«Les filles d’Olfa», remet la Tunisie sur le grand podium du Festival de Cannes après 53 ans d’absence. Il est en lice pour la palme d’or. Nous avons eu cet entretien avec l’un de ses principaux producteurs, Habib Attia.
Comment définissez-vous le genre de ce film que vous venez de produire pour Kaouther Ben Hania ?
Je dirai que c’est un film documentaire dans le sens où les faits relatés sont des faits réels vécus par Olfa Hamrouni, le personnage central du film. Un film qui relate ces événements par lesquels cette femme est passée durant les dix dernières années de sa vie. Ces événements dans le film sont relatés par le vrai personnage mais interprétés par Hind Sabri. C’est l’interaction entre ce vrai personnage (Olfa) et Hind Sabri en présence de Kaouther ben Hania qui recrée les événements phares vécus par Olfa.

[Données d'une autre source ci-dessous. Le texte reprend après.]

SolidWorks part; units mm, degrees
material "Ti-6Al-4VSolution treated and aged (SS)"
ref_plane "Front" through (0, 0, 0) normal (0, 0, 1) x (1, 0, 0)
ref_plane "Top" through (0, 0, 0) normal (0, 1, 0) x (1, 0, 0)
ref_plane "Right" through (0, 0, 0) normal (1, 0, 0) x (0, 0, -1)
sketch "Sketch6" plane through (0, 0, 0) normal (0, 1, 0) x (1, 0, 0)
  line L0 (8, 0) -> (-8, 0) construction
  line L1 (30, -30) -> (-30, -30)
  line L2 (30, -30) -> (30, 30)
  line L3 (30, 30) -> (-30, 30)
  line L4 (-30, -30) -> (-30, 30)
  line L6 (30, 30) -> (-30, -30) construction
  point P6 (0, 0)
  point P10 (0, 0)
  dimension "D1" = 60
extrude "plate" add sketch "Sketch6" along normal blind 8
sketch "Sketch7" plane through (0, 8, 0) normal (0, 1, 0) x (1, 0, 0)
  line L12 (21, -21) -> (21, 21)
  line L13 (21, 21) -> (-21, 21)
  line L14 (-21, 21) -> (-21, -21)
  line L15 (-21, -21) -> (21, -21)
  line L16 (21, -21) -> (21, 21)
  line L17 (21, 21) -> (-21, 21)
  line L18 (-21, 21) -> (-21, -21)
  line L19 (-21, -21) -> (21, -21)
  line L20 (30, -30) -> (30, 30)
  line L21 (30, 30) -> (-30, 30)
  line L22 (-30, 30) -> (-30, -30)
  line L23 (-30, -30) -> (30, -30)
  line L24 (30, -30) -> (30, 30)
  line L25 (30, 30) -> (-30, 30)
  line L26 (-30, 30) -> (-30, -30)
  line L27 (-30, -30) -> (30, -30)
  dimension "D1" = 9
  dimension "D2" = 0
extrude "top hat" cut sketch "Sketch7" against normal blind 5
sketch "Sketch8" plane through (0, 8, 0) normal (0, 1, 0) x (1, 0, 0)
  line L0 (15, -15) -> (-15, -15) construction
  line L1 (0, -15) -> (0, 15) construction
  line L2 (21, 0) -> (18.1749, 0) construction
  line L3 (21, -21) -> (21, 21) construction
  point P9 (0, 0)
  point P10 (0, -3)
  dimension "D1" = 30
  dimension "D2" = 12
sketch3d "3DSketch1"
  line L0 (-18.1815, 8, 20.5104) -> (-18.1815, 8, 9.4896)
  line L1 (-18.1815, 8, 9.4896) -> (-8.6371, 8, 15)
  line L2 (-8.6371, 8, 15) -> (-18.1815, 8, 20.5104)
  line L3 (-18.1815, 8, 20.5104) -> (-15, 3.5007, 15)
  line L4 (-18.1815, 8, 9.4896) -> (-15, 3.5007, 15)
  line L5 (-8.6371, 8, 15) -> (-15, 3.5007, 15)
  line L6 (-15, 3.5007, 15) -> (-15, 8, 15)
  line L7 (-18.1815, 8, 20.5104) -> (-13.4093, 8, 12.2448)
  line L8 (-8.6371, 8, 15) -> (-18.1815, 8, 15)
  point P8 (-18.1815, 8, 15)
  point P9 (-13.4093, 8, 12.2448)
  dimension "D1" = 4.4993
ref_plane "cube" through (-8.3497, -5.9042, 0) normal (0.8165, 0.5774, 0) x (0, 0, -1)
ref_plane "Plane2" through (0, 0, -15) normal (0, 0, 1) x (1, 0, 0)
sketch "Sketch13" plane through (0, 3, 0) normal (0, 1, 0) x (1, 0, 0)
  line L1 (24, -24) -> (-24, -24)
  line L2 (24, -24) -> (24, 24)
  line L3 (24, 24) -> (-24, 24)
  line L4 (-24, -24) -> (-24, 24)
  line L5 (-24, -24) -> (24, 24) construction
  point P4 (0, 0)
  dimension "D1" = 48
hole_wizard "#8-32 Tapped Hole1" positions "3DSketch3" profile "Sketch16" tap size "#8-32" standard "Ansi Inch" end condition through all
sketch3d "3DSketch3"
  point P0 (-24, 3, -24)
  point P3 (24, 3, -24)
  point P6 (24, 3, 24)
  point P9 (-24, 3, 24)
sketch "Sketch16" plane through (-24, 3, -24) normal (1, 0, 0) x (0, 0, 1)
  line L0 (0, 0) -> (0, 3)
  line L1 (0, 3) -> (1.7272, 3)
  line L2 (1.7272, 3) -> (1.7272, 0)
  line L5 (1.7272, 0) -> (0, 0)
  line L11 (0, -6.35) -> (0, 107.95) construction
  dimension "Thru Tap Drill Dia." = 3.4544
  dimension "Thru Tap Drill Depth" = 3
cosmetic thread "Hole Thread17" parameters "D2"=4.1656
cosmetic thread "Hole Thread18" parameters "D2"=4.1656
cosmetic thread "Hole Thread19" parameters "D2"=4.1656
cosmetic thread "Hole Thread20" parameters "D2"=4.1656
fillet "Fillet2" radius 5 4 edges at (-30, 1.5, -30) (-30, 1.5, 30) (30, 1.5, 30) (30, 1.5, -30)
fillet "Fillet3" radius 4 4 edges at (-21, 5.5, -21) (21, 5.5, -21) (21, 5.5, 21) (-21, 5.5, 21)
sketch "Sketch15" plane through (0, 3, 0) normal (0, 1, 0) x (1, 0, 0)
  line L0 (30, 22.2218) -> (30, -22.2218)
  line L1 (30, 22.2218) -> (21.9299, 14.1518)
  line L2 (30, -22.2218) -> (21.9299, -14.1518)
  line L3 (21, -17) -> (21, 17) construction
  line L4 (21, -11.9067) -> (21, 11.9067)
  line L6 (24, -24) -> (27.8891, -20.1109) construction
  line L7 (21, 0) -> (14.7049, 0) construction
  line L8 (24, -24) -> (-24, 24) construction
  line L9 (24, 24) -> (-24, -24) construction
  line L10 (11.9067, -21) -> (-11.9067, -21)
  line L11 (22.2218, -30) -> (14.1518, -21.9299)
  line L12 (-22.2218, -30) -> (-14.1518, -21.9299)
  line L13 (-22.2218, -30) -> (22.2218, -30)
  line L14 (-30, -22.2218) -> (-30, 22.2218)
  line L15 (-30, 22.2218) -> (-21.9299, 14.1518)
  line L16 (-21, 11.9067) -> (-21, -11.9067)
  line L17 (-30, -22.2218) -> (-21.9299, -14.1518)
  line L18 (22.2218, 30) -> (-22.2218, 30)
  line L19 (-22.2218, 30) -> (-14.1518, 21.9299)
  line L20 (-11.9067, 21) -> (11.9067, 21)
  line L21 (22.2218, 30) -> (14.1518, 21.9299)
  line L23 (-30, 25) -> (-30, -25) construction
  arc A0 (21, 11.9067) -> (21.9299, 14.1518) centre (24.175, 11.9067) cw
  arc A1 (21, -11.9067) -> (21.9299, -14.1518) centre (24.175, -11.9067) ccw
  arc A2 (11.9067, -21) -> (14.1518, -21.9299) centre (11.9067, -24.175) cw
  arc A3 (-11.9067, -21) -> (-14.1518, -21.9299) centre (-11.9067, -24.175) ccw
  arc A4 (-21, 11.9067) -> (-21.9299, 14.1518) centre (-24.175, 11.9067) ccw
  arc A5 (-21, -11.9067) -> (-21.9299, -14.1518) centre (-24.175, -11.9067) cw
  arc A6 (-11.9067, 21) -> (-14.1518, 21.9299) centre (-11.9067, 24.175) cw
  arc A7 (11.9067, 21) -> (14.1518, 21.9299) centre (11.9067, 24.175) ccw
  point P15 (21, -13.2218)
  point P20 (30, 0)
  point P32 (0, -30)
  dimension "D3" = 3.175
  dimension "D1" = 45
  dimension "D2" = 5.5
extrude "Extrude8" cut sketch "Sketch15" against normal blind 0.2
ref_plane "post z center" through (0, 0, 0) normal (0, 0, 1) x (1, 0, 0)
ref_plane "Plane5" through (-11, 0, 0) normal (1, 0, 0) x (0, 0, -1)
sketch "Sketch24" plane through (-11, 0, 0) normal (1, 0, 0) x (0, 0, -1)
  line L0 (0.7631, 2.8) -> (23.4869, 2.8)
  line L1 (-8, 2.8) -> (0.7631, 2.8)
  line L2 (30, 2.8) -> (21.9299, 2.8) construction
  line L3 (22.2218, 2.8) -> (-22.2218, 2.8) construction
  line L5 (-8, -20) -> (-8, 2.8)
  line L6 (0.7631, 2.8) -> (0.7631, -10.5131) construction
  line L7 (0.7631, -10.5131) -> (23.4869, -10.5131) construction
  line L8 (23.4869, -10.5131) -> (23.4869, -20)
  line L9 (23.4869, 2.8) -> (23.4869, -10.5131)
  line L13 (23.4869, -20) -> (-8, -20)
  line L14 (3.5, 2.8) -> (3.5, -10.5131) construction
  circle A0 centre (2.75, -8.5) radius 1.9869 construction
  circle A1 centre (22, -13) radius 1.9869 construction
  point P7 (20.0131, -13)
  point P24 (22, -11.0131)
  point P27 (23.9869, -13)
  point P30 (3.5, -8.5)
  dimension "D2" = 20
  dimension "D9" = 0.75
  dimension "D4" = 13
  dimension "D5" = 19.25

On peut dire que c’est un docu-fiction, mais c’est une manière de démontrer aussi que la ligne qui sépare le documentaire de la fiction est très fine. C’est un film qui est à la limite du documentaire et de la fiction. C’est aussi un documentaire qui a été tourné avec des moyens supérieurs à ceux d’une fiction. Ce mécanisme a nécessité la mise en place d’une assistance technique et artistique très importante avec des décors que nous avons loués pour deux mois afin de permettre à tout le monde de s’exprimer comme la réalisatrice le voulait.
En fait, le film est plus dur à pitcher qu’à voir. Il y a beaucoup de narration, mais aussi beaucoup d’émotion. Il y a aussi de l’humour noir et même du sarcasme… C’est un film qui parle de la dernière décennie de notre pays qui n’est pas vraiment brillante. Olfa et ses filles sont malheureusement représentatives de beaucoup de Tunisiens.
Qui est Olfa Hamrouni ?
Olfa Hamrouni est une citoyenne tunisienne de Sousse. Elle a quatre filles. Ses deux filles aînées ont rejoint Daech. Elles ont participé avec leurs maris respectifs à l’opération de Ben Guerdane. Leurs maris ont été tués pendant l’attaque et les deux filles de Olfa sont depuis emprisonnées en Libye. Il y a deux actrices qui jouent les deux grandes filles. Les deux petites filles jouent leurs propres rôles aux côtés de leur mère.
Ce n’est pas votre première expérience avec Kaouther Ben Hania… Elle semble vous porter chance…
J’ai produit tous les films de Kaouther Ben Hania, là on en est au 6e long-métrage. Kaouther a eu vent de Olfa Hamrouni comme beaucoup de Tunisiens à travers la télé. En réalité, cette femme a exposé son cas à tous les médias.
Elle a crié sur tous les toits ce que ses filles ont subi. Elle a même alerté la police qu’elle soupçonnait ses filles d’aller dans une direction extrémiste. Mais la police n’a pas donné à la question la priorité qu’elle mérite. Kaouther a pris contact avec Olfa en 2016 pour un projet de film documentaire normal mais comme on s’est rendu compte que la plupart des événements sont passés, il fallait trouver une autre mise en place pour raconter cette histoire de manière fluide et pas du tout comme un classique docu-fiction, ce qui a permis au film d’être sélectionné au Festival de Cannes.
Vous vous attendiez à cette sélection ?
Évidemment pas ! Surtout face à ces mastodontes en face de nous ! Avec nous, parmi les 18 films sélectionnés il y a déjà pas mal de réalisateurs qui ont eu la palme d’or dans les précédentes sessions. Mais on sentait que le film était porteur et qu’il parle bien de son époque… Nous avons tout de suite compris que Kaouther a fait le bon choix et qu’elle a lié cette histoire à une manière extrêmement créative dans la narration. On ne s’y attendait pas ! C’est un grand pas pour la Tunisie que je qualifierai d’historique. Nous en sommes très fiers. Le dernier film en compétition officielle était celui de feu Abdellatif Ben Ammar « Une si simple histoire », en 1970. Cela fait 53 ans que la Tunisie n’a pas figuré dans la grande compétition.